Exhibit 10.2
FIRST AMENDMENT TO LEASE
THIS FIRST AMENDMENT TO LEASE (this “Amendment”) is entered into as of this 21st day of September, 2021, by and between BMR-Xxxxxx Research Campus LLC, a Delaware limited liability company (“Landlord”), and Gritstone Bio, Inc. (f/k/a Gritstone Oncology, Inc.), a Delaware corporation (“Tenant”).
RECITALS
A.WHEREAS, Landlord and Tenant are parties to that certain Lease dated as of February 11, 2016 (as the same may have been amended, supplemented or modified from time to time, the “Existing Lease”), whereby Tenant leases certain premises (the “Premises”) from Landlord located at 00 Xxxx Xxxxxx in Cambridge, Massachusetts (the “Building”);
B.WHEREAS, Tenant has requested and Landlord has agreed to extend the term of the Existing Lease; and
C.WHEREAS, Landlord and Tenant desire to modify and amend the Existing Lease only in the respects and on the conditions hereinafter stated.
AGREEMENT
NOW, THEREFORE, Landlord and Tenant, in consideration of the mutual promises contained herein and for other good and valuable consideration, the receipt and sufficiency of which are hereby acknowledged, and intending to be legally bound, agree as follows:
1.Definitions. For purposes of this Amendment, capitalized terms shall have the meanings ascribed to them in the Existing Lease unless otherwise defined herein. The Existing Lease, as amended by this Amendment, is referred to collectively herein as the “Lease.” From and after the date hereof, the term “Lease,” as used in the Existing Lease, shall mean the Existing Lease, as amended by this Amendment.

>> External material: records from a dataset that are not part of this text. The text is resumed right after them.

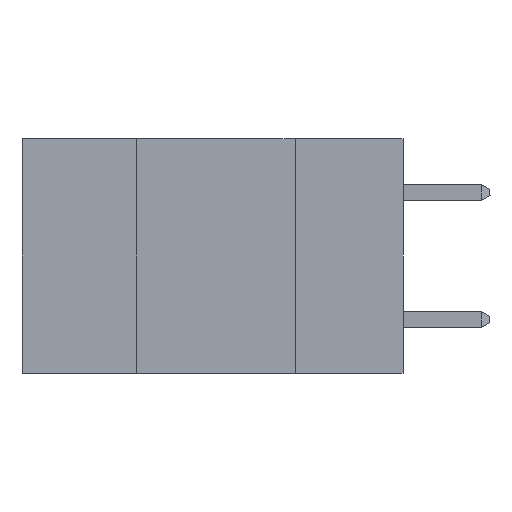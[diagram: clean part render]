
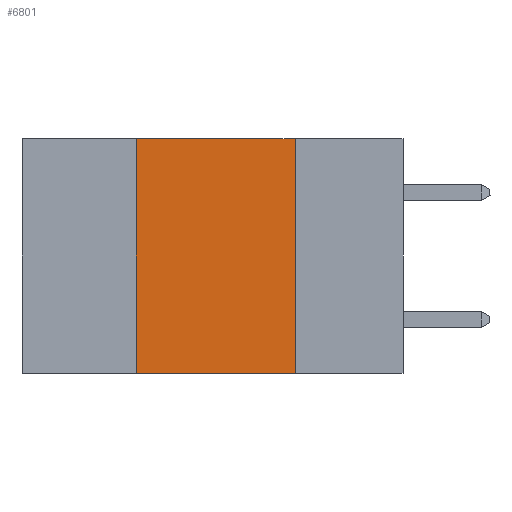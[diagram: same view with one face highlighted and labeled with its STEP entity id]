
A CAD part, left-side view. The second image highlights one B-rep face of the part: STEP entity #6801.
In plain terms, the highlighted planar face has unit normal (-1, 0, 0).
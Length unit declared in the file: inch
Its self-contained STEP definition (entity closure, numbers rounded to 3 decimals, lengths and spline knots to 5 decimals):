
#582 = LINE ( 'NONE', #15882, #4328 ) ;
#913 = VECTOR ( 'NONE', #3639, 39.37008 ) ;
#1147 = CARTESIAN_POINT ( 'NONE',  ( 0., 0.17, -0.37 ) ) ;
#2246 = VECTOR ( 'NONE', #13852, 39.37008 ) ;
#2286 = VECTOR ( 'NONE', #3165, 39.37008 ) ;
#3165 = DIRECTION ( 'NONE',  ( 0., 0., -1. ) ) ;
#3218 = CARTESIAN_POINT ( 'NONE',  ( 0., 0.42, 0. ) ) ;
#3277 = VERTEX_POINT ( 'NONE', #13451 ) ;
#3409 = LINE ( 'NONE', #3218, #2246 ) ;
#3639 = DIRECTION ( 'NONE',  ( 0., -1., 0. ) ) ;
#4328 = VECTOR ( 'NONE', #8359, 39.37008 ) ;
#4622 = CARTESIAN_POINT ( 'NONE',  ( 0., 0.17, 0. ) ) ;
#4828 = EDGE_CURVE ( 'NONE', #3277, #11553, #3409, .T. ) ;
#4994 = ORIENTED_EDGE ( 'NONE', *, *, #8855, .F. ) ;
#5209 = LINE ( 'NONE', #6557, #913 ) ;
#6368 = VERTEX_POINT ( 'NONE', #9941 ) ;
#6557 = CARTESIAN_POINT ( 'NONE',  ( 0., 0.6, 0. ) ) ;
#6801 = ADVANCED_FACE ( 'NONE', ( #18790 ), #13030, .F. ) ;
#7055 = EDGE_LOOP ( 'NONE', ( #16135, #4994, #13805, #9508 ) ) ;
#8359 = DIRECTION ( 'NONE',  ( 0., -1., 0. ) ) ;
#8447 = CARTESIAN_POINT ( 'NONE',  ( 0., 0.6, 0. ) ) ;
#8855 = EDGE_CURVE ( 'NONE', #11553, #6368, #5209, .T. ) ;
#9255 = EDGE_CURVE ( 'NONE', #3277, #18742, #582, .T. ) ;
#9472 = CARTESIAN_POINT ( 'NONE',  ( 0., 0.42, 0. ) ) ;
#9508 = ORIENTED_EDGE ( 'NONE', *, *, #9255, .T. ) ;
#9941 = CARTESIAN_POINT ( 'NONE',  ( 0., 0.17, 0. ) ) ;
#11553 = VERTEX_POINT ( 'NONE', #9472 ) ;
#12947 = DIRECTION ( 'NONE',  ( 1., 0., 0. ) ) ;
#13030 = PLANE ( 'NONE',  #16535 ) ;
#13451 = CARTESIAN_POINT ( 'NONE',  ( 0., 0.42, -0.37 ) ) ;
#13805 = ORIENTED_EDGE ( 'NONE', *, *, #4828, .F. ) ;
#13852 = DIRECTION ( 'NONE',  ( 0., 0., 1. ) ) ;
#13950 = EDGE_CURVE ( 'NONE', #6368, #18742, #14861, .T. ) ;
#14861 = LINE ( 'NONE', #4622, #2286 ) ;
#15882 = CARTESIAN_POINT ( 'NONE',  ( 0., 0.6, -0.37 ) ) ;
#16135 = ORIENTED_EDGE ( 'NONE', *, *, #13950, .F. ) ;
#16535 = AXIS2_PLACEMENT_3D ( 'NONE', #8447, #12947, #18879 ) ;
#18742 = VERTEX_POINT ( 'NONE', #1147 ) ;
#18790 = FACE_OUTER_BOUND ( 'NONE', #7055, .T. ) ;
#18879 = DIRECTION ( 'NONE',  ( 0., 0., -1. ) ) ;

2.Extension Term: The term of the Lease shall be extended for a period of three (3) years (the “Extension Term”), commencing on May 1, 2022 (the “Extension Term Commencement Date”) and ending on April 30, 2025. Tenant acknowledges that pursuant to Article 42 of the Existing Lease, Tenant shall have no further right to extend the Term beyond the Extension Term.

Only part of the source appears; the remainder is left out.